Can exit() from a library be replaced with throwing an exception?

Question

I'm working with a C/Fortran library from C++ and the library calls exit(). I would like it to throw an exception so that the destructors in my C++ program will be called. I have been able to create my one definition of exit that throws an exception, but then terminate is still called. Is there to prevent terminate from being called and allow the normal exception handling to happen?

UPDATE: In the comments it was pointed out that this works on x64 but fails on x86, so the main question is "is there is a way to make x86 work like x64?".

UPDATE2: See my response about why this wasn't working on x86 and how to fix it.

Here's my test code:

test_exception.c

#include <stdlib.h>

void call_c() { exit(1); }

test_exception.cpp

#include <iostream>
#include <stdexcept>

extern "C" void call_c();

extern "C" void exit(int value)
{
  throw std::runtime_error(std::string("Throwing an exception: ") + char('0' + value));
}

int main()
{
  try {
    call_c();
  } catch (const std::exception &e) {
    std::cerr << e.what() << std::endl;
    return 1;
  }

  return 0;
}

Built with the following commands:

gcc -c test_exception.c -o test_exception_c.o
g++ -c test_exception.cpp -o test_exception_cpp.o
g++ test_exception_c.o test_exception_cpp.o -o test_exception

@iharob: But the question is about the interaction between C and C++ (specifically, throwing an exception in a function called from C). — Mike Seymour, May 13 '15 at 16:21
Isn't there something possible like setting an `at_exit()` handler IIRC? — πάντα ῥεῖ, May 13 '15 at 16:23
@MikeSeymour I see, is there a way to do that? I don't think you can link to a c++ library from a c program that uses c++ specific features like function overloading or exceptions. Suppose that you were to declare the function prototype in c, what would it look like? it would require `extern "C"` in the c++ program, which might prevent function overloading or exceptions, I am just guessing of course. — Iharob Al Asimi, May 13 '15 at 16:23
@iharob: This is a C++ program with one function written in C, not a C program. As for what it would look like: it would look just like the code in the question.
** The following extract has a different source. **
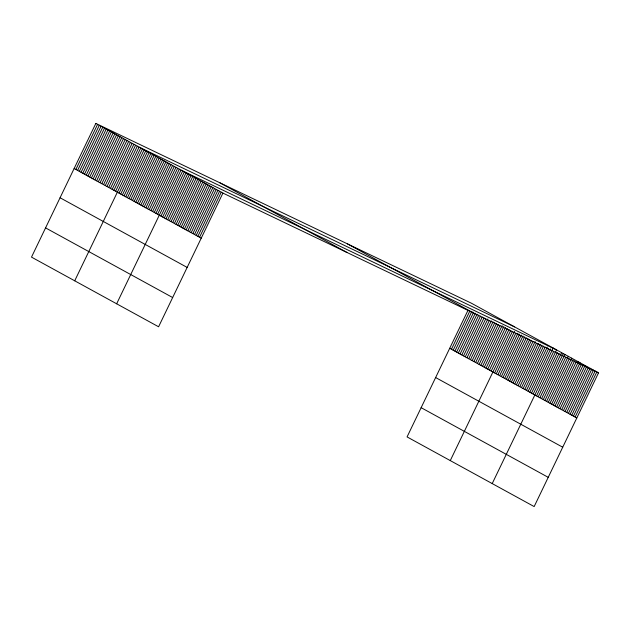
<?xml version="1.0" encoding="UTF-8"?>
<svg xmlns="http://www.w3.org/2000/svg" width="630" height="630" viewBox="0 0 630 630"><rect width="100%" height="100%" fill="white"/><g stroke="black" fill="none" stroke-linecap="round" stroke-linejoin="round"><path stroke-width="0.94" d="M95.839 123.425L31.5 257.119L158.587 326.781L222.933 193.087L95.839 123.425L471.413 303.219L598.5 372.881L534.161 506.575L407.067 436.913L468.003 310.291M75.868 169.47L97.571 124.378M77.6 170.415L99.296 125.323M79.325 171.368L101.028 126.268M81.049 172.313L102.753 127.221M82.782 173.258L104.486 128.166M84.507 174.211L106.21 129.111M86.239 175.156L107.943 130.064M87.964 176.101L109.667 131.008M89.696 177.054L111.4 131.953M91.421 177.999L113.124 132.898M93.153 178.944L114.857 133.851M94.878 179.889L116.581 134.796M96.611 180.841L118.314 135.741M98.335 181.786L120.039 136.694M100.068 182.731L121.771 137.639M101.792 183.684L123.496 138.584M103.525 184.629L125.228 139.537M105.249 185.574L126.953 140.482M106.982 186.527L128.685 141.427M108.706 187.472L130.41 142.372M110.439 188.417L132.143 143.325M112.164 189.362L133.867 144.27M113.896 190.315L135.6 145.215M115.621 191.26L137.324 146.168M74.71 280.807L139.057 147.113L514.623 326.899M119.031 193.126L140.734 148.034M120.708 194.048L142.411 148.948M122.385 194.969L144.089 149.869M124.063 195.883L145.766 150.79M125.74 196.804L147.444 151.712M127.418 197.726L149.121 152.633M129.095 198.647L150.798 153.547M130.772 199.56L152.476 154.468M132.45 200.482L154.153 155.389M134.127 201.403L155.831 156.311M135.804 202.325L157.508 157.224M137.482 203.238L159.185 158.146M139.159 204.159L160.863 159.067M140.837 205.081L162.54 159.988M142.514 206.002L164.217 160.902M144.191 206.916L165.895 161.823M145.869 207.837L167.572 162.745M147.546 208.758L169.249 163.666M149.223 209.68L170.927 164.58M150.901 210.601L172.604 165.501M152.578 211.515L174.282 166.422M154.255 212.436L175.959 167.344M155.933 213.357L177.636 168.257M157.61 214.279L179.314 169.179M116.652 303.794L180.991 170.1L556.558 349.894L492.219 483.58M160.965 216.114L182.668 171.021M162.642 217.035L184.346 171.943M164.32 217.956L186.023 172.856M165.997 218.87L187.701 173.778M167.674 219.791L189.378 174.699M169.352 220.713L191.055 175.62M171.029 221.634L192.733 176.534M172.714 222.548L194.41 177.455M174.392 223.469L196.088 178.377M176.069 224.39L197.765 179.298M177.747 225.312L199.442 180.212M179.424 226.225L201.127 181.133M181.101 227.147L202.805 182.054M182.779 228.068L204.482 182.976M184.456 228.989L206.16 183.889M186.133 229.911L207.837 184.81M187.811 230.824L209.514 185.732M189.488 231.745L211.192 186.653M191.166 232.667L212.869 187.567M192.843 233.588L214.546 188.488M194.52 234.502L216.224 189.41M196.198 235.423L217.901 190.331M197.875 236.345L219.579 191.244M199.553 237.266L221.256 192.166M451.434 349.264L469.736 311.244M453.167 350.209L471.886 311.307M454.891 351.154L473.618 312.252M456.624 352.107L475.343 313.197M458.349 353.052L477.075 314.142M460.081 353.997L478.8 315.094M461.806 354.942L480.533 316.039M463.538 355.895L482.257 316.984M465.263 356.84L483.99 317.937M466.995 357.785L485.714 318.882M468.72 358.738L487.872 318.945M470.445 359.683L489.171 320.78M472.177 360.628L491.329 320.843M473.902 361.581L493.054 321.788M475.634 362.526L494.786 322.733M477.359 363.471L496.511 323.678M479.091 364.416L498.243 324.631M480.816 365.368L499.968 325.576M482.548 366.314L502.126 325.639M484.273 367.259L503.85 326.584M486.006 368.211L505.583 327.537M487.73 369.156L507.308 328.482M489.463 370.101L509.04 329.427M491.187 371.054L510.765 330.38M450.277 460.593L512.489 331.325M494.597 372.921L514.6 331.356M496.275 373.834L515.852 333.16M497.952 374.755L517.955 333.199M499.629 375.677L519.632 334.12M501.307 376.598L521.309 335.034M502.984 377.512L522.987 335.955M504.661 378.433L524.664 336.877M506.339 379.355L526.341 337.798M508.016 380.276L528.019 338.712M509.694 381.189L529.696 339.633M511.371 382.111L531.373 340.554M513.048 383.032L533.051 341.476M514.726 383.953L535.153 341.507M516.403 384.867L536.406 343.311M518.081 385.788L538.508 343.35M519.758 386.71L540.186 344.271M521.435 387.631L541.863 345.185M523.113 388.552L543.54 346.106M524.79 389.466L545.218 347.028M526.467 390.387L547.32 347.059M528.145 391.309L548.572 348.863M529.822 392.23L550.675 348.902M531.499 393.144L553.203 348.051M533.177 394.065L553.605 351.627M536.532 395.908L557.385 352.579M538.209 396.821L559.062 353.501M539.894 397.743L561.59 352.65M541.572 398.664L563.267 353.572M543.249 399.585L564.945 354.485M544.926 400.499L565.772 357.178M546.604 401.42L568.307 356.328M548.281 402.342L569.126 359.013M549.958 403.263L571.662 358.163M551.636 404.176L572.914 359.966M553.313 405.098L574.591 360.888M554.991 406.019L576.269 361.809M556.668 406.941L578.372 361.841M558.345 407.862L580.049 362.762M560.023 408.776L581.301 364.565M561.7 409.697L583.404 364.605M563.377 410.618L585.081 365.518M565.055 411.54L586.758 366.44M566.732 412.453L588.436 367.361M568.41 413.374L590.113 368.282M570.087 414.296L591.79 369.196M571.764 415.217L593.468 370.117M573.442 416.131L595.145 371.038M575.119 417.052L596.823 371.96M222.933 193.087L598.5 372.881M347.476 243.889L474.563 313.543M219.783 182.763L346.87 252.417M449.71 348.311L576.797 417.974M74.143 168.525L201.23 238.179M435.637 377.551L562.724 447.213M60.071 197.765L187.157 267.419M421.139 407.673L548.226 477.335M45.573 227.887L172.659 297.541"/></g></svg>

Perhaps you should read the question before commenting further. — Mike Seymour, May 13 '15 at 16:25
There are two reasons for a library to invoke `exit()`. The first is total and utter cluelessness of the programmer who thinks that this is a valid way to handle errors. I'd prefer keeping distance from such libraries. The other case is a fatal condition that normal error handling can't fix, like e.g. the vital plugin directory doesn't exist or some programming error is detected. Even there, using `abort()` instead to trigger the debugger would be the preferred choice. With that in mind, I'd second David's question why the library calls `exit()` at all. — Ulrich Eckhardt, May 13 '15 at 16:32
FWIW this code works for me with GCC 4.8.1 on Linux; but other compilers might behave differently when exceptions propagate through C functions. — Mike Seymour, May 13 '15 at 16:39
`exit()` is called under "error conditions when the program should close" but my question isn't "is this a good way to do things?". I have to use this library, can't change it, and I'm trying to make things play nicer with C++. — Dave Johansen, May 13 '15 at 16:40
@MikeSeymour I had been trying this on 32-bit RHEL 6 (GCC 4.4.7-11) so I tried it on a 64-bit RHEL 7 machine (GCC 4.8.3-9) and it worked just fine. I then tried on a 64-bit RHEL 6 machine and it worked as well. So is this just a bug with GCC on 32-bit systems? — Dave Johansen, May 13 '15 at 16:52
If all else fails, you can run the library via `fork` calls. — Gerard, May 13 '15 at 16:53
@πάνταῥεῖ: `at_exit()` doesn't really help here. The program still terminates after any registered functions are called. You could have an `at_exit()`-registered function call something that continues doing the program's work, but when `exit()` is called again after that (including normal termination of `main()`), the behavior is undefined. — Keith Thompson, May 13 '15 at 17:29
I don't have handy access to a x86 machine to check, but having done broadly similar things before, I suggest you look at gcc's `-nostdlib` and `-print-libgcc-file-name` options. What's happening, I think, is that `g++` is invoking the linker with the standard runtime _in front of_ the file with your redefinition of `exit`, and the linker search order therefore finds the standard `exit` first. You want the search order to be `main`, (your module defining `exit`), and _then_ `-lgcc`. So something like `g++ -nostdlib test_exception_c.o test_exception_cpp.o -o test_exception -lgcc` might do it. — Norman Gray, May 13 '15 at 17:52
Afterthought: it's probably obvious, but you should use `g++ -v` to look at the linker line that `g++` generates, which may make it clear, by the order of the arguments to the linker, where the problem is coming from. — Norman Gray, May 13 '15 at 18:09
@NormanGray The order of everything was basically the same with the minor exception being that x64 had extra paths to lib64. Here were the differences in parameters: "--with-arch=i686 vs --with-arch_32=i686", "-march=i686 vs Nothing" and "-m elf_i386 vs -m el_x86_64". — Dave Johansen, May 13 '15 at 18:42
@DaveJohansen `exit` might well be in `lib64` (probably, but I don't know). Myself, I would try `-nostdlib` and friends, to push `lib64` to the end of the list. It would rule that out, at least. — Norman Gray, May 13 '15 at 20:11
@NormanGray I know that my version of `exit` is being called because it prints that "terminate called after throwing ..." and that wouldn't be happening if my version of `exit` wasn't being called. Also, linking with `-nostdlib` causes a bunch of undefined references so I don't believe that that is the issue. — Dave Johansen, May 13 '15 at 21:16
Even if this worked, this would have the side-effect of breaking `exit` in legitimate cases … — Rufflewind, May 17 '15 at 05:25

score 2 · Answer 1 · answered May 17 '15 at 05:20

I understand you may not want to read this, but it's most likely a mistake to continue executing a program after any part of it has attempted to call exit() or similar.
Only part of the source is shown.